*** Block opens ***

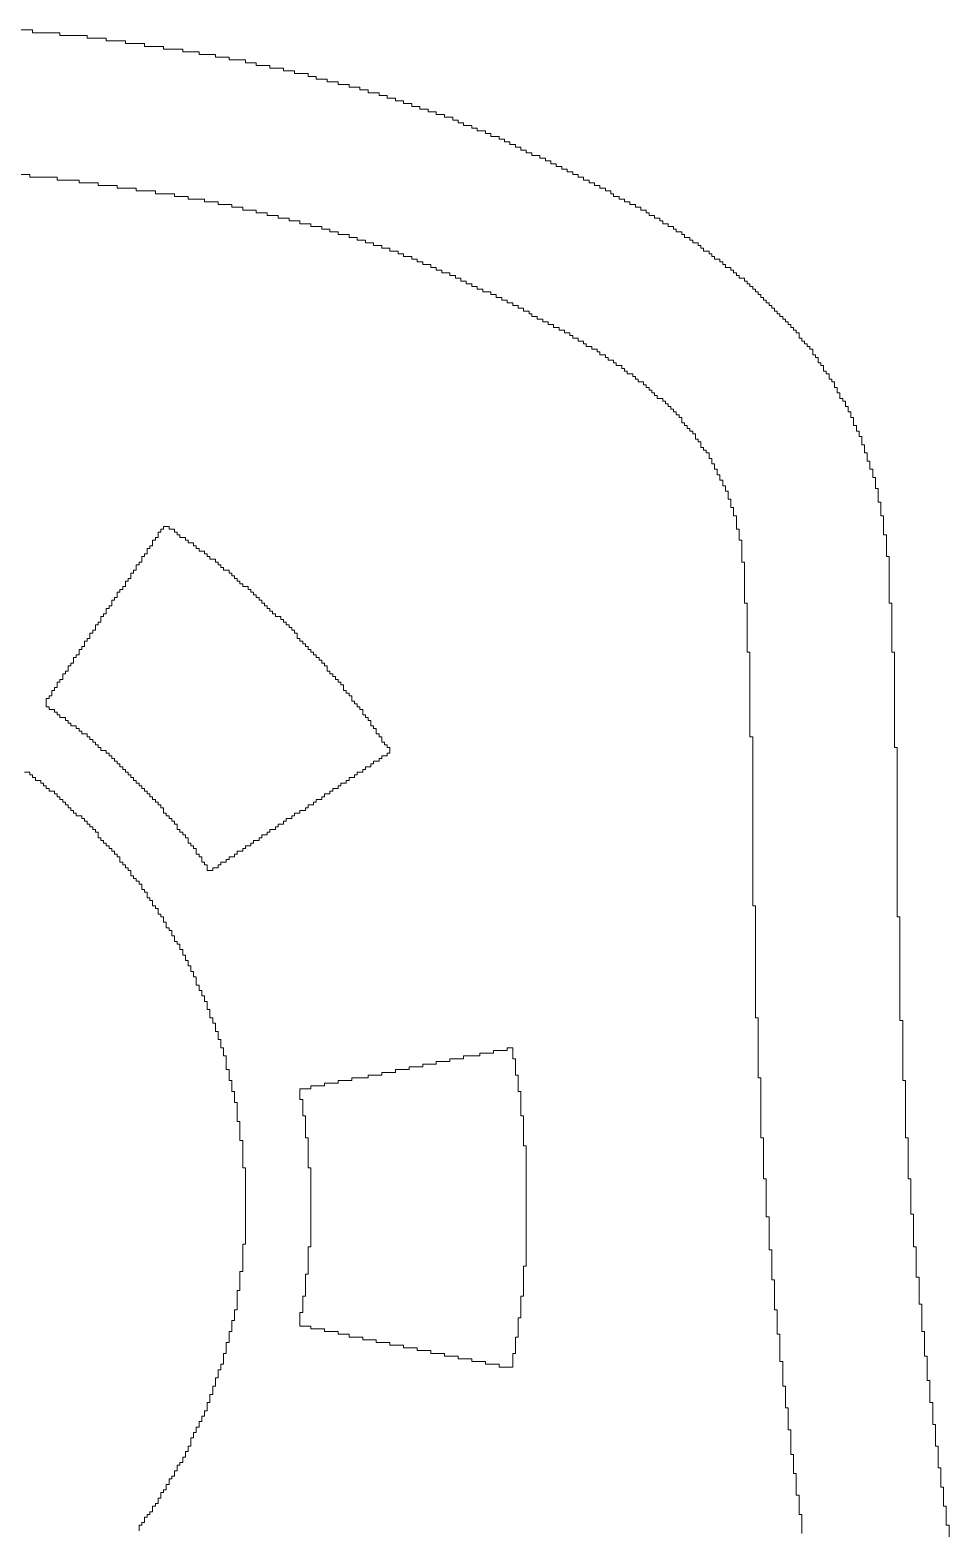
# Model space of a CAD drawing. Header units: inches. Extents: x 0.67 to 2.91, y 19.19 to 21.69.
# Drawn here: x 1.8656 to 2.0881, y 20.0282 to 20.3907 of the extents above; entities that cross this region are included whole.
import ezdxf

# ---------------------------------------------------------------- set-up
doc = ezdxf.new("R2010")
doc.units = ezdxf.units.IN
doc.header["$LTSCALE"] = 1.21
doc.header["$MEASUREMENT"] = 0
doc.layers.add('R2V', color=7, linetype='Continuous')

msp = doc.modelspace()

# ---------------------------------------------------------------- linework, layer by layer
at = {"layer": 'R2V', "color": 5, "lineweight": 5}
for points in [[(1.85968, 20.39065, 0), (1.86628, 20.39065, 0), (1.86628, 20.38999, 0), (1.87289, 20.38999, 0), (1.87289, 20.38933, 0), (1.87949, 20.38933, 0), (1.87949, 20.38867, 0), (1.88411, 20.38867, 0), (1.88411, 20.38801, 0), (1.88873, 20.38801, 0), (1.88873, 20.38735, 0), (1.89335, 20.38735, 0), (1.89335, 20.38669, 0), (1.89798, 20.38669, 0), (1.89798, 20.38603, 0), (1.9026, 20.38603, 0), (1.9026, 20.38537, 0), (1.90656, 20.38537, 0), (1.90656, 20.38471, 0), (1.91052, 20.38471, 0), (1.91052, 20.38405, 0), (1.91382, 20.38405, 0), (1.91382, 20.38339, 0), (1.91778, 20.38339, 0), (1.91778, 20.38273, 0), (1.92042, 20.38273, 0), (1.92042, 20.38207, 0), (1.92372, 20.38207, 0), (1.92372, 20.38141, 0), (1.92703, 20.38141, 0), (1.92703, 20.38075, 0), (1.92967, 20.38075, 0), (1.92967, 20.38009, 0), (1.93297, 20.38009, 0), (1.93297, 20.37943, 0), (1.93495, 20.37943, 0), (1.93495, 20.37877, 0), (1.93759, 20.37877, 0), (1.93759, 20.37811, 0), (1.94023, 20.37811, 0), (1.94023, 20.37745, 0), (1.94287, 20.37745, 0), (1.94287, 20.37679, 0), (1.94551, 20.37679, 0), (1.94551, 20.37613, 0), (1.94749, 20.37613, 0), (1.94749, 20.37547, 0), (1.95013, 20.37547, 0), (1.95013, 20.37481, 0), (1.95211, 20.37481, 0), (1.95211, 20.37415, 0), (1.9541, 20.37415, 0), (1.9541, 20.37349, 0), (1.95608, 20.37349, 0), (1.95608, 20.37283, 0), (1.95806, 20.37283, 0), (1.95806, 20.37217, 0), (1.96004, 20.37217, 0), (1.96004, 20.37151, 0), (1.96202, 20.37151, 0), (1.96202, 20.37084, 0), (1.964, 20.37084, 0), (1.964, 20.37018, 0), (1.96598, 20.37018, 0), (1.96598, 20.36952, 0), (1.96796, 20.36952, 0), (1.96796, 20.36886, 0), (1.96928, 20.36886, 0), (1.96928, 20.3682, 0), (1.9706, 20.3682, 0), (1.9706, 20.36754, 0), (1.97258, 20.36754, 0), (1.97258, 20.36688, 0), (1.9739, 20.36688, 0), (1.9739, 20.36622, 0), (1.97588, 20.36622, 0), (1.97588, 20.36556, 0), (1.9772, 20.36556, 0), (1.9772, 20.3649, 0), (1.97918, 20.3649, 0), (1.97918, 20.36424, 0), (1.98051, 20.36424, 0), (1.98051, 20.36358, 0), (1.98183, 20.36358, 0), (1.98183, 20.36292, 0), (1.98315, 20.36292, 0), (1.98315, 20.36226, 0), (1.98447, 20.36226, 0), (1.98447, 20.3616, 0), (1.98579, 20.3616, 0), (1.98579, 20.36094, 0), (1.98711, 20.36094, 0), (1.98711, 20.36028, 0), (1.98909, 20.36028, 0), (1.98909, 20.35962, 0), (1.99041, 20.35962, 0), (1.99041, 20.35896, 0), (1.99173, 20.35896, 0), (1.99173, 20.3583, 0), (1.99305, 20.3583, 0), (1.99305, 20.35764, 0), (1.99437, 20.35764, 0), (1.99437, 20.35698, 0), (1.99569, 20.35698, 0), (1.99569, 20.35632, 0), (1.99701, 20.35632, 0), (1.99701, 20.35566, 0), (1.99833, 20.35566, 0), (1.99833, 20.355, 0), (1.99965, 20.355, 0), (1.99965, 20.35434, 0), (2.00097, 20.35434, 0), (2.00097, 20.35368, 0), (2.00229, 20.35368, 0), (2.00229, 20.35302, 0), (2.00361, 20.35302, 0), (2.00361, 20.35236, 0), (2.00493, 20.35236, 0), (2.00493, 20.3517, 0), (2.00625, 20.3517, 0), (2.00625, 20.35104, 0), (2.00691, 20.35104, 0), (2.00691, 20.35038, 0), (2.00823, 20.35038, 0), (2.00823, 20.34972, 0), (2.00956, 20.34972, 0), (2.00956, 20.34906, 0), (2.01088, 20.34906, 0), (2.01088, 20.3484, 0), (2.0122, 20.3484, 0), (2.0122, 20.34774, 0), (2.01352, 20.34774, 0), (2.01352, 20.34708, 0), (2.01484, 20.34708, 0), (2.01484, 20.34642, 0), (2.0155, 20.34642, 0), (2.0155, 20.34576, 0), (2.01682, 20.34576, 0), (2.01682, 20.3451, 0), (2.01814, 20.3451, 0), (2.01814, 20.34444, 0), (2.0188, 20.34444, 0), (2.0188, 20.34378, 0), (2.02012, 20.34378, 0), (2.02012, 20.34311, 0), (2.02144, 20.34311, 0), (2.02144, 20.34245, 0), (2.0221, 20.34245, 0), (2.0221, 20.34179, 0), (2.02342, 20.34179, 0), (2.02342, 20.34113, 0), (2.02408, 20.34113, 0), (2.02408, 20.34047, 0), (2.0254, 20.34047, 0), (2.0254, 20.33981, 0), (2.02606, 20.33981, 0), (2.02606, 20.33915, 0), (2.02738, 20.33915, 0), (2.02738, 20.33849, 0), (2.02804, 20.33849, 0), (2.02804, 20.33783, 0), (2.0287, 20.33783, 0), (2.0287, 20.33717, 0), (2.03002, 20.33717, 0), (2.03002, 20.33651, 0), (2.03068, 20.33651, 0), (2.03068, 20.33585, 0), (2.03134, 20.33585, 0), (2.03134, 20.33519, 0), (2.03266, 20.33519, 0), (2.03266, 20.33453, 0), (2.03332, 20.33453, 0), (2.03332, 20.33387, 0), (2.03398, 20.33387, 0), (2.03398, 20.33321, 0), (2.0353, 20.33321, 0), (2.0353, 20.33255, 0), (2.03596, 20.33255, 0), (2.03596, 20.33189, 0), (2.03663, 20.33189, 0), (2.03663, 20.33123, 0), (2.03729, 20.33123, 0), (2.03729, 20.33057, 0), (2.03861, 20.33057, 0), (2.03861, 20.32991, 0), (2.03927, 20.32991, 0), (2.03927, 20.32925, 0), (2.03993, 20.32925, 0), (2.03993, 20.32859, 0), (2.04059, 20.32859, 0), (2.04059, 20.32793, 0), (2.04125, 20.32793, 0), (2.04125, 20.32727, 0), (2.04191, 20.32727, 0), (2.04191, 20.32661, 0), (2.04257, 20.32661, 0), (2.04257, 20.32595, 0), (2.04323, 20.32595, 0), (2.04323, 20.32529, 0), (2.04389, 20.32529, 0), (2.04389, 20.32463, 0), (2.04455, 20.32463, 0), (2.04455, 20.32397, 0), (2.04521, 20.32397, 0), (2.04521, 20.32331, 0), (2.04587, 20.32331, 0), (2.04587, 20.32265, 0), (2.04653, 20.32265, 0), (2.04653, 20.32199, 0), (2.04719, 20.32199, 0), (2.04719, 20.32133, 0), (2.04785, 20.32133, 0), (2.04785, 20.32067, 0), (2.04851, 20.32067, 0), (2.04851, 20.32001, 0), (2.04917, 20.32001, 0), (2.04917, 20.31935, 0), (2.04983, 20.31935, 0), (2.04983, 20.31869, 0), (2.05049, 20.31869, 0), (2.05049, 20.31803, 0), (2.05115, 20.31803, 0), (2.05115, 20.31737, 0), (2.05181, 20.31737, 0), (2.05181, 20.31605, 0), (2.05247, 20.31605, 0), (2.05247, 20.31538, 0), (2.05313, 20.31538, 0), (2.05313, 20.31472, 0), (2.05379, 20.31472, 0), (2.05379, 20.31406, 0), (2.05445, 20.31406, 0), (2.05445, 20.3134, 0), (2.05511, 20.3134, 0), (2.05511, 20.31208, 0), (2.05577, 20.31208, 0), (2.05577, 20.31142, 0), (2.05643, 20.31142, 0), (2.05643, 20.3101, 0), (2.05709, 20.3101, 0), (2.05709, 20.30944, 0), (2.05775, 20.30944, 0), (2.05775, 20.30812, 0), (2.05841, 20.30812, 0), (2.05841, 20.30746, 0), (2.05907, 20.30746, 0), (2.05907, 20.30614, 0), (2.05973, 20.30614, 0), (2.05973, 20.30548, 0), (2.06039, 20.30548, 0), (2.06039, 20.30416, 0), (2.06105, 20.30416, 0), (2.06105, 20.30284, 0), (2.06171, 20.30284, 0), (2.06171, 20.30152, 0), (2.06237, 20.30152, 0), (2.06237, 20.30086, 0), (2.06303, 20.30086, 0), (2.06303, 20.29954, 0), (2.06369, 20.29954, 0), (2.06369, 20.29822, 0), (2.06436, 20.29822, 0), (2.06436, 20.2969, 0), (2.06502, 20.2969, 0), (2.06502, 20.29492, 0), (2.06568, 20.29492, 0), (2.06568, 20.2936, 0), (2.06634, 20.2936, 0), (2.06634, 20.29228, 0), (2.067, 20.29228, 0), (2.067, 20.2903, 0), (2.06766, 20.2903, 0), (2.06766, 20.28832, 0), (2.06832, 20.28832, 0), (2.06832, 20.28633, 0), (2.06898, 20.28633, 0), (2.06898, 20.28435, 0), (2.06964, 20.28435, 0), (2.06964, 20.28237, 0), (2.0703, 20.28237, 0), (2.0703, 20.27973, 0), (2.07096, 20.27973, 0), (2.07096, 20.27643, 0), (2.07162, 20.27643, 0), (2.07162, 20.27313, 0), (2.07228, 20.27313, 0), (2.07228, 20.26851, 0), (2.07294, 20.26851, 0), (2.07294, 20.26323, 0), (2.0736, 20.26323, 0), (2.0736, 20.252, 0), (2.07426, 20.252, 0), (2.07426, 20.24012, 0), (2.07492, 20.24012, 0), (2.07492, 20.21701, 0), (2.07558, 20.21701, 0), (2.07558, 20.17608, 0), (2.07624, 20.17608, 0), (2.07624, 20.15099, 0), (2.0769, 20.15099, 0), (2.0769, 20.13646, 0), (2.07756, 20.13646, 0), (2.07756, 20.1226, 0), (2.07822, 20.1226, 0), (2.07822, 20.11269, 0), (2.07888, 20.11269, 0), (2.07888, 20.10411, 0), (2.07954, 20.10411, 0), (2.07954, 20.09619, 0), (2.0802, 20.09619, 0), (2.0802, 20.08892, 0), (2.08086, 20.08892, 0), (2.08086, 20.08232, 0), (2.08152, 20.08232, 0), (2.08152, 20.07572, 0), (2.08218, 20.07572, 0), (2.08218, 20.06978, 0), (2.08284, 20.06978, 0), (2.08284, 20.06384, 0), (2.0835, 20.06384, 0), (2.0835, 20.05855, 0), (2.08416, 20.05855, 0), (2.08416, 20.05327, 0), (2.08482, 20.05327, 0), (2.08482, 20.04799, 0), (2.08548, 20.04799, 0), (2.08548, 20.04271, 0), (2.08614, 20.04271, 0), (2.08614, 20.03809, 0), (2.0868, 20.03809, 0), (2.0868, 20.03346, 0), (2.08746, 20.03346, 0), (2.08746, 20.02884, 0), (2.08812, 20.02884, 0), (2.08812, 20.02422, 0)], [(2.05247, 20.02686, 0), (2.05247, 20.03148, 0), (2.05181, 20.03148, 0), (2.05181, 20.03611, 0), (2.05115, 20.03611, 0), (2.05115, 20.04139, 0), (2.05049, 20.04139, 0), (2.05049, 20.04601, 0), (2.04983, 20.04601, 0), (2.04983, 20.05195, 0), (2.04917, 20.05195, 0), (2.04917, 20.05723, 0), (2.04851, 20.05723, 0), (2.04851, 20.06251, 0), (2.04785, 20.06251, 0), (2.04785, 20.06846, 0), (2.04719, 20.06846, 0), (2.04719, 20.07506, 0), (2.04653, 20.07506, 0), (2.04653, 20.081, 0), (2.04587, 20.081, 0), (2.04587, 20.08826, 0), (2.04521, 20.08826, 0), (2.04521, 20.09553, 0), (2.04455, 20.09553, 0), (2.04455, 20.10345, 0), (2.04389, 20.10345, 0), (2.04389, 20.11269, 0), (2.04323, 20.11269, 0), (2.04323, 20.1226, 0), (2.04257, 20.1226, 0), (2.04257, 20.13712, 0), (2.04191, 20.13712, 0), (2.04191, 20.15165, 0), (2.04125, 20.15165, 0), (2.04125, 20.17872, 0), (2.04059, 20.17872, 0), (2.04059, 20.21965, 0), (2.03993, 20.21965, 0), (2.03993, 20.24012, 0), (2.03927, 20.24012, 0), (2.03927, 20.252, 0), (2.03861, 20.252, 0), (2.03861, 20.26191, 0), (2.03795, 20.26191, 0), (2.03795, 20.26719, 0), (2.03729, 20.26719, 0), (2.03729, 20.26983, 0), (2.03663, 20.26983, 0), (2.03663, 20.27313, 0), (2.03596, 20.27313, 0), (2.03596, 20.27511, 0), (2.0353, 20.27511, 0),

*** Block closes ***

Exercise details –
List the lines of the material in which the word "ezdxf" occurs.

Solution to the problem –
import ezdxf
doc = ezdxf.new("R2010")
doc.units = ezdxf.units.IN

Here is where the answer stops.